8. Sheet Boundaries in Multi-Sheet Exports
Running headers in spreadsheet PDFs typically contain the sheet name, the file name, or both. Detection algorithm:
- Extract all text in the top 8% and bottom 8% of each page (header/footer zones).
- Collect unique header strings across all pages; the string that changes between page groups is the sheet name candidate.
- Group consecutive pages sharing an identical header string into a sheet run.
- The first occurrence of a new header string marks a sheet boundary.
If no header is present, fall back to detecting a column-count change or a significant shift in the leftmost column x-position between consecutive pages.
9. Data Type Inference for Spreadsheet Cells
After cell text is extracted, infer the data type of each cell:
- Integer: matches
^-?\d{1,3}(,\d{3})*$or^-?\d+$(locale-aware thousands separator). - Float: matches
^-?\d+[.,]\d+$after normalizing decimal separator. - Currency: leading or trailing currency symbol (
$,€,£,¥) with numeric body; strip symbol, parse as float. - Percentage: trailing
%; parse the numeric body and store as a float in [0, 1] (divide by 100). - Date: attempt parsing against a priority list: ISO 8601 (
YYYY-MM-DD), US (M/D/YYYY), EU (D.M.YYYY), short year variants. Store as an ISO 8601 string. - Boolean: exact match against
TRUE/FALSE,Yes/No,✓/✗,1/0(in cells where the column appears boolean-dominant). - Text: fallback for anything not matched above.
Locale inference: if more than 30% of numeric cells use a comma as the decimal separator (values like 1.234,56), set locale = "eu" and swap separator roles before parsing.
10. Output Representation
Presentation Output
PresentationDocument {
document_type: "presentation",
detection_confidence: f32, // 0.0–1.0
producer: Option<String>,
slides: Vec<Slide>,
}
Slide {
slide_number: u32,
title: Option<String>,
subtitle: Option<String>,
bullets: Vec<Bullet>, // hierarchical
body_text: Vec<String>, // non-bullet body runs
notes: Option<String>,
}
Bullet {
level: u8, // 0 = top level
marker: Option<String>, // bullet character or numeral
text: String,
children: Vec<Bullet>,
}
Spreadsheet Output
SpreadsheetDocument {
document_type: "spreadsheet",
detection_confidence: f32,
producer: Option<String>,
sheets: Vec<Sheet>,
}
Sheet {
sheet_name: Option<String>,
page_range: Range<u32>, // 0-indexed page numbers
table: Table, // reuses table schema from table-structure-reconstruction
}
The Table type is defined in table-structure-reconstruction and carries rows, cells, column spans, and merge annotations. Each Cell gains an additional inferred_type field (CellType enum: Integer, Float, Currency, Percentage, Date, Boolean, Text) populated by the data type inference pass.

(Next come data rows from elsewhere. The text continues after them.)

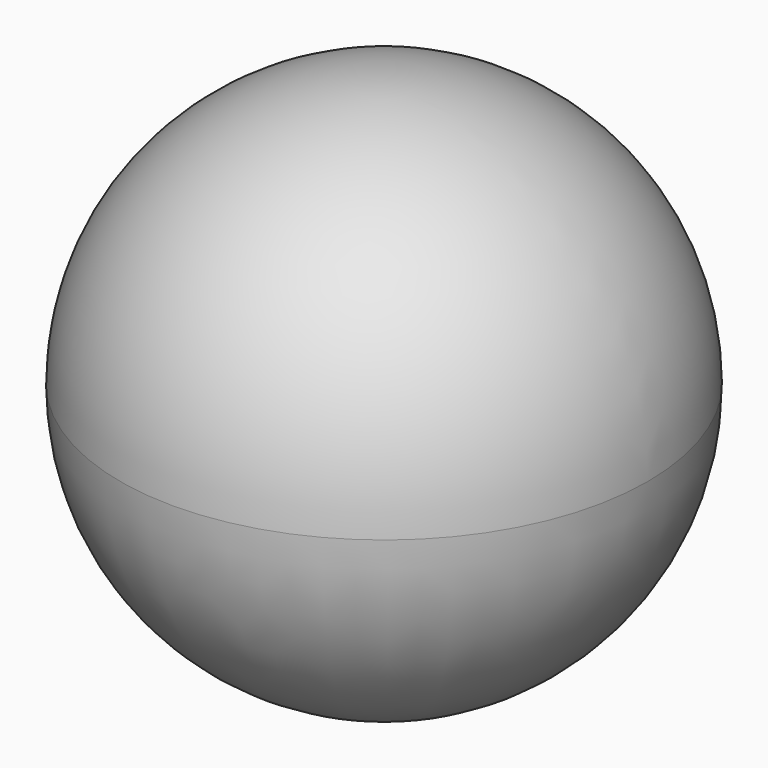
from build123d import *

# Parameters (mm, degrees)
F0_R     = 50.8
F1_DEPTH = 50.8
F2_R     = 50.8
F3_R     = 50.79999


# Not quite as in the source:
# - a fillet or chamfer is up to 0.001 mm smaller than in the source, because OpenCascade refuses the exact size


with BuildPart() as f1:
    # F0 (on Top) → F1 (new body, symmetric)
    with BuildSketch(Plane.XY):
        Circle(F0_R)
    extrude(amount=F1_DEPTH, both=True)

    # F2
    f2_edges = [f1.edges().sort_by_distance(p)[0] for p in [
        (-50.8, 0, 50.8),
    ]]
    fillet(f2_edges, radius=F2_R)

    # F3 (radius 50.8 in the source; OpenCascade refuses exactly that, so slightly less here)
    f3_edges = [f1.edges().sort_by_distance(p)[0] for p in [
        (-50.8, 0, -50.8),
    ]]
    fillet(f3_edges, radius=F3_R)


solid = f1.part
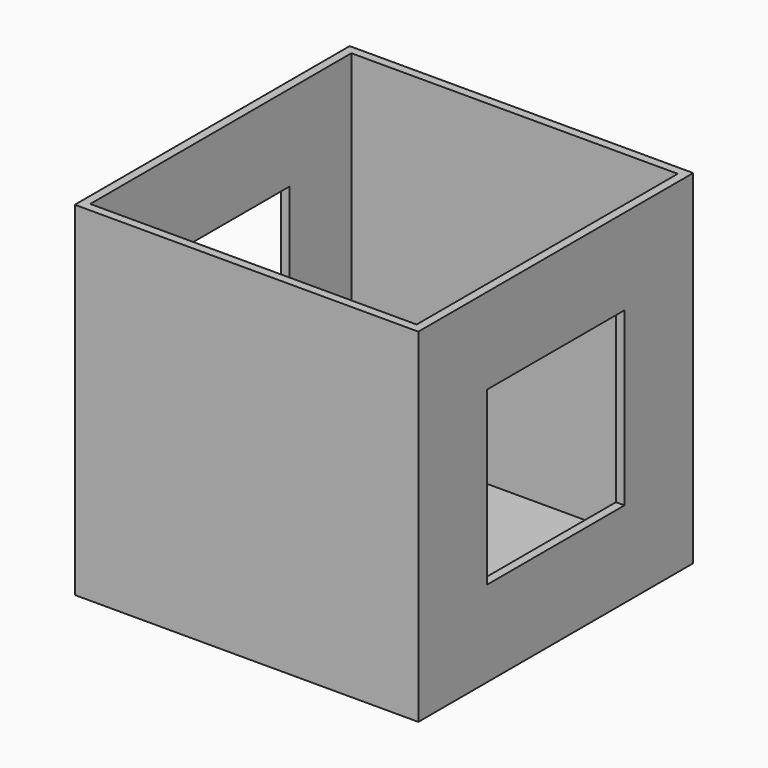
from build123d import *

# Parameters (mm, degrees)
F0_W     = 100
F0_H     = 100
F2_DEPTH = 50
F3_DEPTH = 50
F4_T     = -2.5
F8_DEPTH = 100.001


# Not quite as in the source:
# - a feature names something its author has since deleted; it is built from what else it names


with BuildPart() as f2:
    # F0 (on Front) → F2 (new body)
    with BuildSketch(Plane.XZ):
        with Locations((0, 50)):
            Rectangle(F0_W, F0_H)
    extrude(amount=F2_DEPTH)

    # F3 (add): a face of the model
    f3_faces = [f2.faces().sort_by_distance(p)[0] for p in [
        (0, 0, 50),
    ]]
    extrude(f3_faces, amount=F3_DEPTH)

    # F4
    f4_openings = [f2.faces().sort_by_distance(p)[0] for p in [
        (0, 0, 100),
    ]]
    offset(amount=F4_T, openings=f4_openings)

    # F7 (on offset) → F8 (cut, through all)
    with BuildSketch(Plane.YZ.offset(50)):
        Polygon((25, 75), (-25, 75), (-25, 25), (0, 25), (25, 25), align=None)
    extrude(amount=-F8_DEPTH, mode=Mode.SUBTRACT)


solid = f2.part

The top-level document_type field uses the discriminant "presentation" | "spreadsheet" | "document" | "form" | "mixed". A "mixed" classification applies when page-level heuristics disagree across more than 20% of pages — for example, a document that embeds a slide or a report that opens with a data table. In the mixed case, per-page classification is stored in a page_classifications array alongside the top-level type.